On 4/23/06, Tony Sidaway f.crdfa@gmail.com wrote:
On 4/23/06, Anthony DiPierro wikilegal@inbox.org wrote:
So someone goes to a community corkboard in an apartment building and writes "John Heybobarebob is gay" on a corkboard message. Then the owner of the apartment building sees the defamatory statement, takes down the message, and stores it in a closet with a bunch of other removed messages. Then a janitor goes into to the closet, takes the message, and creates photocopies which she proceeds to hand out to people.
You think the building owner can be sued?
Yes, I think that the owner of the apartment building might well be liable for the defamation conducted by the janitor. It would be, as I've said, something that a court would decide. Arguably by not disposing of the defamatory material in an appropriate manner he facilitated the subsequent actions of the janitor.
Frankly, I think that's ridiculous.
Now if it was found that one of his janitors had done this *once*, it might not be a big deal and there wouldn't be much of a case. But once this happens, the owner of the apartment building becomes aware that his janitors are not all reliable, it would be reasonable to expect him to take steps to keep sensitive material out of their reach.

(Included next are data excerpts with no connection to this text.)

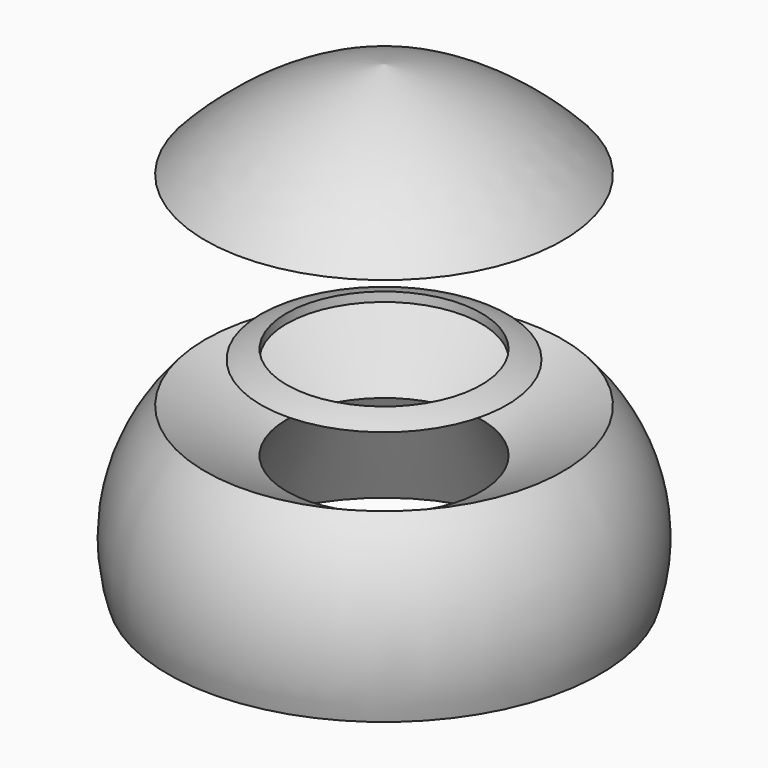
from build123d import *


# Not quite as in the source:
# - the program builds the solid bodies; features that only make, move or delete a surface that nothing else refers to are left out


with BuildPart() as f1:
    # F0 (on Front) → F1 (revolve)
    with BuildSketch(Plane.XZ):
        with BuildLine():
            Line((-31.5, -36.7715619504), (-57.8949571854, -22.5130124036))
            ThreePointArc((-57.8949571854, -22.5130124036), (-71.100893869, -47.8091979463), (-70, -76.3237871839))
            Line((-70, -76.3237871839), (-52.8878243203, -76.3639977286))
            Line((-52.8878243203, -76.3639977286), (-31.5, -36.7715619504))
        make_face()
    revolve(axis=Axis((0, 0, -0.7809376717), (0, 0, -1)))


with BuildPart() as f3:
    # F0 (on Front) → F3 (revolve)
    with BuildSketch(Plane.XZ):
        with BuildLine():
            Line((-31.5, -9.4140620232), (-31.5, -6.4140620232))
            ThreePointArc((-31.5, -6.4140620232), (-35.7282093513, -7.7475284985), (-39.836560988, -9.4140620232))
            Line((-39.836560988, -9.4140620232), (-31.5, -9.4140620232))
        make_face()
    revolve(axis=Axis((0, 0, -0.7809376717), (0, 0, -1)))


with BuildPart() as f3b:
    # F0 (on Front) → F3, piece 2 (revolve)
    with BuildSketch(Plane.XZ):
        with BuildLine():
            Line((-31.5, -36.7715619504), (-57.8949571854, -22.5130124036))
            ThreePointArc((-57.8949571854, -22.5130124036), (-71.100893869, -47.8091979463), (-70, -76.3237871839))
            Line((-70, -76.3237871839), (-52.8878243203, -76.3639977286))
            Line((-52.8878243203, -76.3639977286), (-31.5, -36.7715619504))
        make_face()
    revolve(axis=Axis((0, 0, -0.7809376717), (0, 0, -1)))


with BuildPart() as f3c:
    # F0 (on Front) → F3, piece 3 (revolve)
    with BuildSketch(Plane.XZ):
        with BuildLine():
            Line((0, 46.3521866798), (0, 74.8521866798))
            ThreePointArc((0, 74.8521866798), (-31.3917968408, 63.5946851026), (-57.8949571854, 43.3521866798))
            Line((-57.8949571854, 43.3521866798), (-31.5, 43.3521866798))
            Line((-31.5, 43.3521866798), (-31.5, 46.3521866798))
            Line((-31.5, 46.3521866798), (0, 46.3521866798))
        make_face()
    revolve(axis=Axis((0, 0, -0.7809376717), (0, 0, -1)))


with BuildPart() as f4:
    # F0 (on Front) → F4 (revolve)
    with BuildSketch(Plane.XZ):
        with BuildLine():
            Line((-31.5, -9.4140620232), (-31.5, -6.4140620232))
            ThreePointArc((-31.5, -6.4140620232), (-35.7282093513, -7.7475284985), (-39.836560988, -9.4140620232))
            Line((-39.836560988, -9.4140620232), (-31.5, -9.4140620232))
        make_face()
    revolve(axis=Axis((0, 0, -0.7809376717), (0, 0, -1)))


solid = Compound([f1.part, f3.part, f3b.part, f3c.part, f4.part])

I fail to see how defamatory material = sensitive material. We're not talking about secrets here, we're talking about false statements. If the paper contained the person's social security number, I could see you calling it sensitive. The fact that the janitor sees a piece of paper which says "[whoever] is gay" does not in fact affect her ability to defame [whoever] in any way.
I mean, what if the statement was: "The following statement is false: Joe Heybobarebob is gay". And then the janitor copied the statement removing the preface?
What if Wikipedia adds "the following article is false" to the top of the history?
So the second time it happens there would be a stronger case, and each time the owner of the apartment building permits potentially defamatory material to be published by not taking such steps, the case becomes stronger.
I'm sorry, I just don't see it. But I guess your position has been made clear to the point where there's nothing more I can say other than that I disagree.
I'm not sure whether to call this defamation paranoia or the chilling effects of defamation law. But either way, it lends credence to my belief that Wikipedia needs to shed its centralized control and reorganize as a peer-to-peer system, and soon.